Military News

Residents line road in Beaufort to honor Marine killed in Nepal (+ video)


Patriot Guard Riders ride ahead of the hearse carrying Sgt. Ward Mark Johnson IV, a Marine who was killed in a helicopter crash in Nepal last month, as his remains were transported from the Savannah/Hilton Head International Airport to Copeland Funeral Service in Beaufort.
Patriot Guard Riders ride ahead of the hearse carrying Sgt. Ward Mark Johnson IV, a Marine who was killed in a helicopter crash in Nepal last month, as his remains were transported from the Savannah/Hilton Head International Airport to Copeland Funeral Service in Beaufort. Island Packet

The family of one of the six Marines killed in a helicopter crash in Nepal last month was honored Friday afternoon in Beaufort as residents, firefighters and businesses displayed American flags and showed their support along Robert Smalls Parkway.

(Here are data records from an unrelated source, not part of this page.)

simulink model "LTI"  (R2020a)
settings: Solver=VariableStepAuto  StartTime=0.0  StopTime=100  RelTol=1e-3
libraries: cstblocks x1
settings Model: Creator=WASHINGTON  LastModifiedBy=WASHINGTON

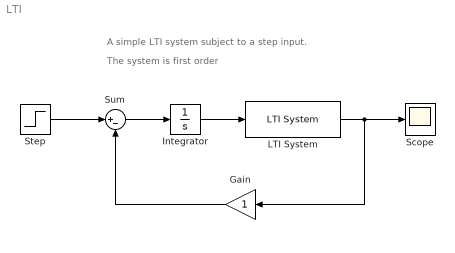
== system LTI ==
  note: The system is first order
  note: A simple LTI system subject to a step input.
  Gain : Gain
  Integrator : Integrator
  LTI System : cstblocks/LTI System  sys=tf(1,[4 4])  IC=[]
  Scope : Scope
  Step : Step  SampleTime=0
  Sum : Sum  Inputs=|+-
  wires:
  Integrator/1 -> LTI System/1
  Sum/1 -> Integrator/1
  Gain/1 -> Sum/2
  LTI System/1 -> Scope/1, Gain/1
  Step/1 -> Sum/1
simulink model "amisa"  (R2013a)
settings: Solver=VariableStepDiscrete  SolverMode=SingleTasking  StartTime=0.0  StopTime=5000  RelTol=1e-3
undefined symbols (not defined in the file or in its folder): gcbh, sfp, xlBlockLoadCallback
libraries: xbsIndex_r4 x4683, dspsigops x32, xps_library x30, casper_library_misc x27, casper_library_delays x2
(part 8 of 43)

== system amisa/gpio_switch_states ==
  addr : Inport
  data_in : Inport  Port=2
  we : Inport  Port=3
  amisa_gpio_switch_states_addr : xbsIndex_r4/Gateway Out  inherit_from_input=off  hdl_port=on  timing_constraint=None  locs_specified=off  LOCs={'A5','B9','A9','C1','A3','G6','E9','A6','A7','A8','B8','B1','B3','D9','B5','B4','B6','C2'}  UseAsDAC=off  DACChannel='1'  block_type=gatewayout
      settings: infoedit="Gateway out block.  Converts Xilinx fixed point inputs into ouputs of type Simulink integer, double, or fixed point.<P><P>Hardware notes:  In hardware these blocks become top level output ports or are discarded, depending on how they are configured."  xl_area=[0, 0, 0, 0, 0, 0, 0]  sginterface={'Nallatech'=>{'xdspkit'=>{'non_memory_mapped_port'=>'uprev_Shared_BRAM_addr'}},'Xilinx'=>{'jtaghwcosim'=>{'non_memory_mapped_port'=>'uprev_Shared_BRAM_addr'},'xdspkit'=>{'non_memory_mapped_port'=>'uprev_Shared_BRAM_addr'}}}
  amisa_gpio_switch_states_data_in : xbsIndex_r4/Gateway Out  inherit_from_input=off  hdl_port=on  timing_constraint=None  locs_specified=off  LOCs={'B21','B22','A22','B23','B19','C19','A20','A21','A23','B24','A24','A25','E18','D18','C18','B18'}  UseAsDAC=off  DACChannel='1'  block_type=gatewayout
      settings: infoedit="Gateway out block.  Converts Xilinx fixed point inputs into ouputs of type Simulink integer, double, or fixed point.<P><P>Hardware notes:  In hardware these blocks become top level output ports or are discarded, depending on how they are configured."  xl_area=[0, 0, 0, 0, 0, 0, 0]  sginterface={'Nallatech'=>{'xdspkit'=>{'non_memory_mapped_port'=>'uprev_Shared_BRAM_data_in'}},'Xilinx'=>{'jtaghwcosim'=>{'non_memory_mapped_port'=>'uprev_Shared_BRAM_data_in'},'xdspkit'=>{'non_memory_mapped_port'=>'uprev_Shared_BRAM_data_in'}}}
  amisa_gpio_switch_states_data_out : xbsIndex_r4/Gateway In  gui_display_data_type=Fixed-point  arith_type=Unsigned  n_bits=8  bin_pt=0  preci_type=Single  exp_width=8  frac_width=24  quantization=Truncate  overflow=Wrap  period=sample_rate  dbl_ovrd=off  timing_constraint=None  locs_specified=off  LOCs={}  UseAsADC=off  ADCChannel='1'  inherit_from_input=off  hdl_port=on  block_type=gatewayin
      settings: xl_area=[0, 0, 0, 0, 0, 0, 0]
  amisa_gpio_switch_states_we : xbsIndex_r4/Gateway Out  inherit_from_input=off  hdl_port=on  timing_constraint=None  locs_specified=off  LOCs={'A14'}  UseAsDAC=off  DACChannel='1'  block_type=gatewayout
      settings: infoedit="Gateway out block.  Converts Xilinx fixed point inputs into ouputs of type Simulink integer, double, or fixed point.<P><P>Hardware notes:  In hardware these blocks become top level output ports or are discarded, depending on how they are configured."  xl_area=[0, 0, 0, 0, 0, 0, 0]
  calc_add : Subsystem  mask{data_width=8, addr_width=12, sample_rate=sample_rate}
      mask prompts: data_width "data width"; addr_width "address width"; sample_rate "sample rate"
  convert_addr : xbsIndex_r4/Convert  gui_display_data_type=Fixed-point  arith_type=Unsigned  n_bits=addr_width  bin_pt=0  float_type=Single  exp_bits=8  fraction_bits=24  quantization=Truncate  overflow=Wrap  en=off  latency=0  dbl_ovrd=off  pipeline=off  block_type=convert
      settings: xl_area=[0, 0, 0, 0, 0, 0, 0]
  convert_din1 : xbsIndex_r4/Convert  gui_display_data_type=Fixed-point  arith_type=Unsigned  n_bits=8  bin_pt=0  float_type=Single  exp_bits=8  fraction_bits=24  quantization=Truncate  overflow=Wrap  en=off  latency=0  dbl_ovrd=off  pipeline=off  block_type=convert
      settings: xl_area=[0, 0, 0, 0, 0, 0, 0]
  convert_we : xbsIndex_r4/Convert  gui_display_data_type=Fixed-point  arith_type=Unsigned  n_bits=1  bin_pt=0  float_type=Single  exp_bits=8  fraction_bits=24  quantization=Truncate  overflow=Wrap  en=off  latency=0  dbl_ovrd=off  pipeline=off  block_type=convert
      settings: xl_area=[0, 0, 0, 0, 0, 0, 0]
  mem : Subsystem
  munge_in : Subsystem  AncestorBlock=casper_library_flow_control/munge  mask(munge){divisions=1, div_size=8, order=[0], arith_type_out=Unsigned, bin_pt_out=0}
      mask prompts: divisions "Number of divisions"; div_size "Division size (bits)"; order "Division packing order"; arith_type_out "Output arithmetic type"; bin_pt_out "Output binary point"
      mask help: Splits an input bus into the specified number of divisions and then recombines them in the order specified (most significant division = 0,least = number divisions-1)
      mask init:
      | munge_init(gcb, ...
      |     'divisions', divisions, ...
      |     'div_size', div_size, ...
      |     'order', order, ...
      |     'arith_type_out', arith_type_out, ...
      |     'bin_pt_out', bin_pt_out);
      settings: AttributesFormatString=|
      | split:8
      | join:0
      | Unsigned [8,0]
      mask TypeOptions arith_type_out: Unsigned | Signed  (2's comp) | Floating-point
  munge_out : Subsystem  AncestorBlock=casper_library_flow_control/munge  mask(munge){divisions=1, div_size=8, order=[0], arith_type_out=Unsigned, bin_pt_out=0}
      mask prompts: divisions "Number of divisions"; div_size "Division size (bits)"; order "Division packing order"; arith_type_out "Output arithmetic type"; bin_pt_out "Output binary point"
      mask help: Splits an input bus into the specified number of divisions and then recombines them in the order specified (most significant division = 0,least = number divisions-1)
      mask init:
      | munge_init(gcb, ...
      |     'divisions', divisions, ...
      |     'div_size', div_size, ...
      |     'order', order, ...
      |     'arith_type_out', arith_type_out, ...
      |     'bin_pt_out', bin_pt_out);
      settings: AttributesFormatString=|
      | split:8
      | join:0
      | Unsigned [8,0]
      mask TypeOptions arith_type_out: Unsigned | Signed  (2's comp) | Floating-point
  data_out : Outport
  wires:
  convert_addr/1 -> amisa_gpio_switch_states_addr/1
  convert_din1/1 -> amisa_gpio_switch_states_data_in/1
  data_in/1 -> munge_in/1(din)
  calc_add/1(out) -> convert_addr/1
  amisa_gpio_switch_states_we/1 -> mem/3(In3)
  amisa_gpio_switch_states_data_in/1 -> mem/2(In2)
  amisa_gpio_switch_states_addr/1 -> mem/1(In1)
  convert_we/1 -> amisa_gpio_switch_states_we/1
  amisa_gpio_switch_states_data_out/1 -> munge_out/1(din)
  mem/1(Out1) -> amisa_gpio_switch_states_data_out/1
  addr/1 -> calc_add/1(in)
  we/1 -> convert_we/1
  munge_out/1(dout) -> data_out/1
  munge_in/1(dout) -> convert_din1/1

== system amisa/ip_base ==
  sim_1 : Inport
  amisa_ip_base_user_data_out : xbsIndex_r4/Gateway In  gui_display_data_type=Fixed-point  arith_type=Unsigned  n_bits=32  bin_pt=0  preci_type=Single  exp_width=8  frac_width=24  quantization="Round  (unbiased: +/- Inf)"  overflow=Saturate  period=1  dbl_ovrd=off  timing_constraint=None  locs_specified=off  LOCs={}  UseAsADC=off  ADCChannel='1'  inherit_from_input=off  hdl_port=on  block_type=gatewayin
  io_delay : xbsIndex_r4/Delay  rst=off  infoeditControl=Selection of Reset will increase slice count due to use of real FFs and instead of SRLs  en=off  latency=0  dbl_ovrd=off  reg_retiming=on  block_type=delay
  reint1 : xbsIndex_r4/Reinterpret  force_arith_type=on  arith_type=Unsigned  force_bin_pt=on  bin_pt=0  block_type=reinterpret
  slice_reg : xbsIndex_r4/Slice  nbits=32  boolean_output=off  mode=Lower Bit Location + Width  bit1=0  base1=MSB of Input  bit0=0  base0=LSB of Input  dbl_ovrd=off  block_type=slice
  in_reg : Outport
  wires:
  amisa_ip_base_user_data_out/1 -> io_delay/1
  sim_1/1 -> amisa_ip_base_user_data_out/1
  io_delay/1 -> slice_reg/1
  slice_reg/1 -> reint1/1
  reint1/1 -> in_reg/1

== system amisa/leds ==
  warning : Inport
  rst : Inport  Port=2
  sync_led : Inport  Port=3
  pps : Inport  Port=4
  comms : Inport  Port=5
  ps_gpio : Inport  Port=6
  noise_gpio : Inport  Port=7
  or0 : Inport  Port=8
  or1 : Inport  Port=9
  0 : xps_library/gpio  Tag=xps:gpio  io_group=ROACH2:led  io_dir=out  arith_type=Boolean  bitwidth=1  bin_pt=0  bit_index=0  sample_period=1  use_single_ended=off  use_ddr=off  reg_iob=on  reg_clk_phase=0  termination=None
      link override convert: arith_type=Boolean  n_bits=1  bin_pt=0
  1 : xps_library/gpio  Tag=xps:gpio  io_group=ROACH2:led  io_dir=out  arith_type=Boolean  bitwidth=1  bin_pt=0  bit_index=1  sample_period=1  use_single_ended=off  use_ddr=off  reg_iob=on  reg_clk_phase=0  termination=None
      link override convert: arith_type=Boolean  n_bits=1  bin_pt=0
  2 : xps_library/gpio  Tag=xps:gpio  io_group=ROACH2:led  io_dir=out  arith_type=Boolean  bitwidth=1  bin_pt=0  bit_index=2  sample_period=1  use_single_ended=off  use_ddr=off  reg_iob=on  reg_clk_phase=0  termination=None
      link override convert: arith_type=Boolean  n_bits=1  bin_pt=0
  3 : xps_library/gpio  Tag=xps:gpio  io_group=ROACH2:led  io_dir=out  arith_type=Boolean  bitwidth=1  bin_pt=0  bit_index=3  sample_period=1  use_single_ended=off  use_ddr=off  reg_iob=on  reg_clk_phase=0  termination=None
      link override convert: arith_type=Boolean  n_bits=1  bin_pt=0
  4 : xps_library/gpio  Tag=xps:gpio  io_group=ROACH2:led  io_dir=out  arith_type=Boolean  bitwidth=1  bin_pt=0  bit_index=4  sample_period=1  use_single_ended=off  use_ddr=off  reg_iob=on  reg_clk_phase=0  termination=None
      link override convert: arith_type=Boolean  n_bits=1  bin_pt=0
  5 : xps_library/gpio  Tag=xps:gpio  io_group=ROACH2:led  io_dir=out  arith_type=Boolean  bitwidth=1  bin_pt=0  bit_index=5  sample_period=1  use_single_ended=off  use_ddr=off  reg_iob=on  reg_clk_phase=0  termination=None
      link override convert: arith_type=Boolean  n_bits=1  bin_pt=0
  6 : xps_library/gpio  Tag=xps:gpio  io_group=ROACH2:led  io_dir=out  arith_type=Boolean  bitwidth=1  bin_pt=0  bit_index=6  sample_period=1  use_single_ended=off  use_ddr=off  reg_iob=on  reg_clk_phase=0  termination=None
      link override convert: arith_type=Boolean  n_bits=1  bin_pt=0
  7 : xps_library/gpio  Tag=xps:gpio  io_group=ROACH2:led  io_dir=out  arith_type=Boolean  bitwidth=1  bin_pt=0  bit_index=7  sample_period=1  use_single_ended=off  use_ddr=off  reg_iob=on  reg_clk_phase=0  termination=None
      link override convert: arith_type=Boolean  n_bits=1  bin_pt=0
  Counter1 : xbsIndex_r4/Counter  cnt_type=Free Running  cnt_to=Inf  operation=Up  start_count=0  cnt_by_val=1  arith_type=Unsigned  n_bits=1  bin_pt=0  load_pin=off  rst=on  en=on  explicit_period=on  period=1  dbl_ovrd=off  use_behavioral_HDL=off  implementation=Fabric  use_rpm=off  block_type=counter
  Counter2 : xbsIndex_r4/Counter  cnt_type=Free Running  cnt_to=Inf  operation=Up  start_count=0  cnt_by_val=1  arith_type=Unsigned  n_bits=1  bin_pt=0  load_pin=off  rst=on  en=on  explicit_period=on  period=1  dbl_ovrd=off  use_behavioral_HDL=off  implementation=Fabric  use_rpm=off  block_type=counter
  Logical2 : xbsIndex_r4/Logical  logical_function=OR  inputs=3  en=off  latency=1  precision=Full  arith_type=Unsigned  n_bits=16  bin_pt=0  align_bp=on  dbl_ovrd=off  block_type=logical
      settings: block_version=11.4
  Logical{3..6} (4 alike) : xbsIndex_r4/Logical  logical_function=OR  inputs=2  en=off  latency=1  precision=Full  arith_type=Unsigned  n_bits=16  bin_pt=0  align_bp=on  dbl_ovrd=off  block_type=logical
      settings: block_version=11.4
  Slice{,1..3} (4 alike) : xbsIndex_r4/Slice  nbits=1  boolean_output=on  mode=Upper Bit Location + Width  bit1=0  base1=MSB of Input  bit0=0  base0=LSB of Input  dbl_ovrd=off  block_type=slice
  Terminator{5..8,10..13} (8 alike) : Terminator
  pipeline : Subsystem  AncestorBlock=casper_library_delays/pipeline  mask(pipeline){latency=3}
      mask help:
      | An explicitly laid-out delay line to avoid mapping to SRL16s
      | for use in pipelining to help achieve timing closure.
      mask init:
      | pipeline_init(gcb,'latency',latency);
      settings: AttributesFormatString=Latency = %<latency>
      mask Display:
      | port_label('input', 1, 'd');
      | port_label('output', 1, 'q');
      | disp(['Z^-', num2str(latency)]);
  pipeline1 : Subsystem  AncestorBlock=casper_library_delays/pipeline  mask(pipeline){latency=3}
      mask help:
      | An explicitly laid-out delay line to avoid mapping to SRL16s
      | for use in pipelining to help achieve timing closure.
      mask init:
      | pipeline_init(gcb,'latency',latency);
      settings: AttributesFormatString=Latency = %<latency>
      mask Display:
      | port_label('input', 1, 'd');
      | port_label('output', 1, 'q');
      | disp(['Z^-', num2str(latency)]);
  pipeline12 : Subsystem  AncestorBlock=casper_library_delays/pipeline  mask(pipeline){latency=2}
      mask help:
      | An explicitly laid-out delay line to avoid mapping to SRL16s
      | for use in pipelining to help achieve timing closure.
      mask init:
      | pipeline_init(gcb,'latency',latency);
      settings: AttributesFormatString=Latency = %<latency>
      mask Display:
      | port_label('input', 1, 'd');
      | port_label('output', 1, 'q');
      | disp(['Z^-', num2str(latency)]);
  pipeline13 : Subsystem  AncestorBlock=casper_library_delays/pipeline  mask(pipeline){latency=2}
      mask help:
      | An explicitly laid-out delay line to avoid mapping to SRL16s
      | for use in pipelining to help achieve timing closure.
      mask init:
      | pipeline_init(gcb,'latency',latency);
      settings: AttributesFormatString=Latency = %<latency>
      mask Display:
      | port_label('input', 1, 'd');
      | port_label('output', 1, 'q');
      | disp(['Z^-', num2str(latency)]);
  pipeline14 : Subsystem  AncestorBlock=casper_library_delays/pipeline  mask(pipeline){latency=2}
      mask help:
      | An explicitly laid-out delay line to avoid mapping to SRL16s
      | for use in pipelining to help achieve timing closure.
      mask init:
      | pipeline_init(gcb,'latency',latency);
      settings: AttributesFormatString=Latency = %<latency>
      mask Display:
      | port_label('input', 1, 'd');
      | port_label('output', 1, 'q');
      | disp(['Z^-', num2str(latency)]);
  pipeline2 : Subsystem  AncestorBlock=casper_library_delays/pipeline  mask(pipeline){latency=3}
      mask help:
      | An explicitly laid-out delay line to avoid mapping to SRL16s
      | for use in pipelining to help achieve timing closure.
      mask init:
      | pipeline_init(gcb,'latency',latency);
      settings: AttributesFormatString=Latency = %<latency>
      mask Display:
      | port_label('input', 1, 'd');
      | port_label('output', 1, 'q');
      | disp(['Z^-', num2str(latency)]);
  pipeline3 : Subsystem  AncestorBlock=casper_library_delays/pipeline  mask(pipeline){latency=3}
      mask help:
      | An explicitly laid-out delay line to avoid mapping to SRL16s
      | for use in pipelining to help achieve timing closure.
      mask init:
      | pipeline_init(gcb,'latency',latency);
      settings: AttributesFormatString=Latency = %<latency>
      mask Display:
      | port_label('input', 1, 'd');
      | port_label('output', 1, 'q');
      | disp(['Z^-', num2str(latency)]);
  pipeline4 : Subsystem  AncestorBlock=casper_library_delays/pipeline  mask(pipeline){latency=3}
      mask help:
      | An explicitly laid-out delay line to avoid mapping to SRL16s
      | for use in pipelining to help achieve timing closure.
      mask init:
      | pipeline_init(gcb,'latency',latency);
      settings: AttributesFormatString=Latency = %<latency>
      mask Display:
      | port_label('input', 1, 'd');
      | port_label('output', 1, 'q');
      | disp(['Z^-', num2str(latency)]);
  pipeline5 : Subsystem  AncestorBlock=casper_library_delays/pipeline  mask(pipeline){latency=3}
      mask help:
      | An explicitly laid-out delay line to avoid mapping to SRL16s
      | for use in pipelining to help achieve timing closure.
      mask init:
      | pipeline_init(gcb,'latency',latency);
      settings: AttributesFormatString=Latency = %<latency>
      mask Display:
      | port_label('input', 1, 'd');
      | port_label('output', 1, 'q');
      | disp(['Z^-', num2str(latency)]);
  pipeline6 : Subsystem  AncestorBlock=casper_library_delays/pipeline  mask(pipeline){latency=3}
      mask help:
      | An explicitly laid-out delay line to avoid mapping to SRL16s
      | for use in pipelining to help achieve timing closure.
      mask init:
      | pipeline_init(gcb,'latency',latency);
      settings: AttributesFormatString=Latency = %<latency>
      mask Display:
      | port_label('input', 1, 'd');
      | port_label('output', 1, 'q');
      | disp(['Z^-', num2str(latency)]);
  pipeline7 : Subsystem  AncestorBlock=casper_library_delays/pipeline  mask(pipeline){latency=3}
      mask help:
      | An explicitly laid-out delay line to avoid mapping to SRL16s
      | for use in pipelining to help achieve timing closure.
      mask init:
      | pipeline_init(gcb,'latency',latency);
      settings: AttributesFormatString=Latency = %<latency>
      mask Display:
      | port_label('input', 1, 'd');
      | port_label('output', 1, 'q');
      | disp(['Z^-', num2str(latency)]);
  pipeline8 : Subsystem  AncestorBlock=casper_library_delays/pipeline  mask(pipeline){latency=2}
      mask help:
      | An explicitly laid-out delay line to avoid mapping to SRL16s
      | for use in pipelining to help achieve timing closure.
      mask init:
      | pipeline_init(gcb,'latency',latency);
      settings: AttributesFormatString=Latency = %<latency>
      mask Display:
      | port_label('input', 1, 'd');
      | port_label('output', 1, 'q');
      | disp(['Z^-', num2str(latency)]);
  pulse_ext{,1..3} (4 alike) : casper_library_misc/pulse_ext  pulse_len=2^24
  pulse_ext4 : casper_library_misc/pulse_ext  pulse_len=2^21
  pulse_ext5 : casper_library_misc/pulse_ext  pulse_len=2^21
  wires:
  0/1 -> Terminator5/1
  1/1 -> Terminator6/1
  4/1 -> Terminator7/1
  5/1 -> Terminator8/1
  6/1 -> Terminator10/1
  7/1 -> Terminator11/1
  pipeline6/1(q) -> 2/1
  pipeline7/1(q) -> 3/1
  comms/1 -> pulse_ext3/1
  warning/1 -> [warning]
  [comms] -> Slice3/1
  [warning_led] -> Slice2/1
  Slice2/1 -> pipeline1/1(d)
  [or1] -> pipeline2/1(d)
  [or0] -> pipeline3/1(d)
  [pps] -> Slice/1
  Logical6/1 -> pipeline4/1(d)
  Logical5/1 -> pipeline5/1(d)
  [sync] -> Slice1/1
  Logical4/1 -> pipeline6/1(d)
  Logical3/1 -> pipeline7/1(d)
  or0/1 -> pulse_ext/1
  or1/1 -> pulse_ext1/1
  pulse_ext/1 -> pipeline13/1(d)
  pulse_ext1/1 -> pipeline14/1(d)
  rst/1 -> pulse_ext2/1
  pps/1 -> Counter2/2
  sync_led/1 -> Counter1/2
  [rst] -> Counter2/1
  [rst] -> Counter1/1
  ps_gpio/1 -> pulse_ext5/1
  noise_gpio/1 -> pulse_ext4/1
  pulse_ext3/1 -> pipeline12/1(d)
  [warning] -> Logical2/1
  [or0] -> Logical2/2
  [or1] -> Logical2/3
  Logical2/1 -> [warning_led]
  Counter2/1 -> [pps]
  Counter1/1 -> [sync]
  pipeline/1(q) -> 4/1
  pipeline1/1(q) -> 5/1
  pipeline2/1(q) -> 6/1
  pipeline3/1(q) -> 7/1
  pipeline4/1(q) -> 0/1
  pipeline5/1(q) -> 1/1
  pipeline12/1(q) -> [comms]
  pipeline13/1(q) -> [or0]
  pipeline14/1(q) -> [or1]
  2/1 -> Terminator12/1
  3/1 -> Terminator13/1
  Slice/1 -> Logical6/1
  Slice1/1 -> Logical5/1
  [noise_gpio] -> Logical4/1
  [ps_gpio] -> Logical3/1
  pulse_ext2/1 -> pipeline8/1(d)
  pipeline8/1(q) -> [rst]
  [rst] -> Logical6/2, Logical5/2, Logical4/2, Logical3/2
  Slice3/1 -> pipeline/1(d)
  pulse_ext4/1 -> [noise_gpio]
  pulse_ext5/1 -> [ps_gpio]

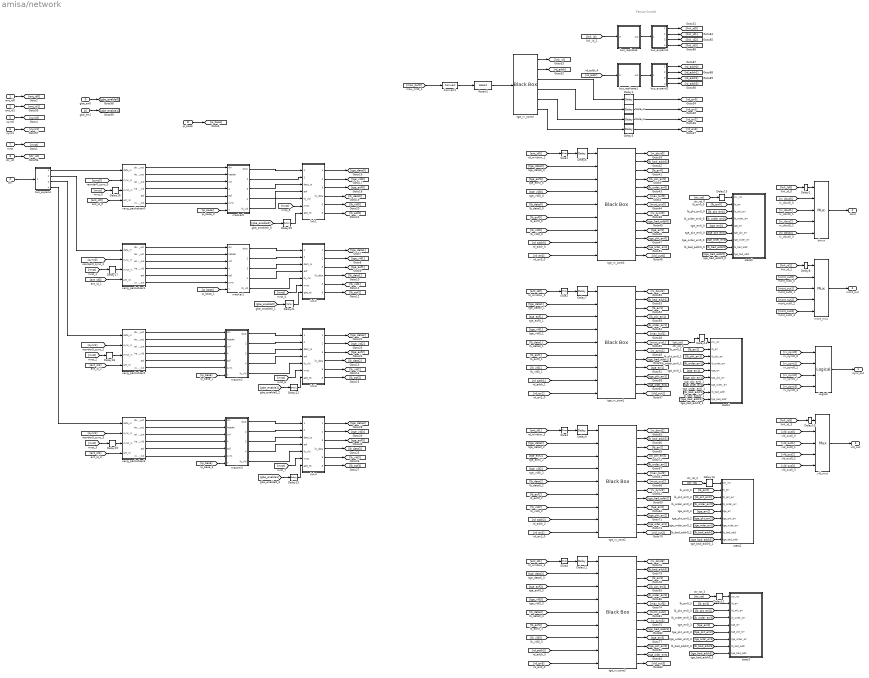
== system amisa/network ==
  note: Fanout Control
  ant_id0 : Inport
  ant_id1 : Inport  Port=2
  ctr_rst : Inport  Port=3
  din : Inport  Port=4
  sync0 : Inport  Port=5
  sync1 : Inport  Port=6
  mrst : Inport  Port=7
  ip_base : Inport  Port=8
  gbe_en0 : Inport  Port=9
  gbe_en1 : Inport  Port=10
  Assert1 : xbsIndex_r4/Assert  assert_type=off  type_source=Explicitly  gui_display_data_type=Fixed-point  arith_type="Signed  (2's comp)"  n_bits=16  bin_pt=14  preci_type=Single  exp_width=8  frac_width=24  assert_rate=on  rate_source=Explicitly  period=1  output_port=on  block_type=assert
  Convert1 : xbsIndex_r4/Convert  gui_display_data_type=Fixed-point  arith_type=Unsigned  n_bits=7  bin_pt=0  float_type=Single  exp_bits=8  fraction_bits=24  quantization=Truncate  overflow=Wrap  en=off  latency=0  dbl_ovrd=off  pipeline=off  block_type=convert
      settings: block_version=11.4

State Rep. Shannon Erickson asked residents Friday morning to gather along the parkway as the family of Sgt. Ward Mark Johnson IV arrived in town for his funeral.

Burton firefighters suspended an American flag over S.C. 170 just beyond the Broad River Bridge, and hundreds of Beaufort residents lined the highway, most holding American flags or attaching them to their cars and playing patriotic music, as motorcyclists with the Patriot Guard Riders and the hearse carrying Johnson's body made their way to Copeland Funeral Service.

"I'm a retired Marine, my son was a Marine and now my grandson is a Marine, so we're all family. So when we have a fallen Marine, it's family. ... He's like a brother or a sister. We have to show that honor and respect," Villie Encalade Jr. of Beaufort said about why he came out to honor Johnson.

The family flew in to Savannah evening on Friday and drove to Copeland Funeral Service. A private service will be held at Marine Corps Recruit Depot Parris Island on Saturday, followed by a private burial service at Beaufort National Cemetery.

Johnson, a 29-year-old Charleston native, died in a helicopter crash in a mountainous region of Nepal on May 12. He was a crew chief on a UH-1Y helicopter. He joined the Marine Corps in 2009 and had been stationed at Camp Pendleton in California.

He was among six Marines and two Nepalese soldiers who died in the crash about 45 miles from Kathmandu. The Marines were in Nepal as part of the United States' effort to aid victims of a devastating earthquake in April.

Erickson said she received a call Friday morning that Johnson's funeral would be in Beaufort. After that, she learned that local fire departments planned the tribute for him along Robert Smalls Parkway.

Erickson and many others took to social media to ask residents to line the four miles of road between the Broad River Bridge and the funeral home.

She also contacted Marine Corps Air Station Beaufort to ask if its Marine families wanted to join the welcoming effort. Several cranes were set up along the route and flew American flags.

"It's just a grassroots effort to give him a hero's welcome and say thank you to the families that provide for us," Erickson said. "It's what Beaufort does. We rally around the people we love.”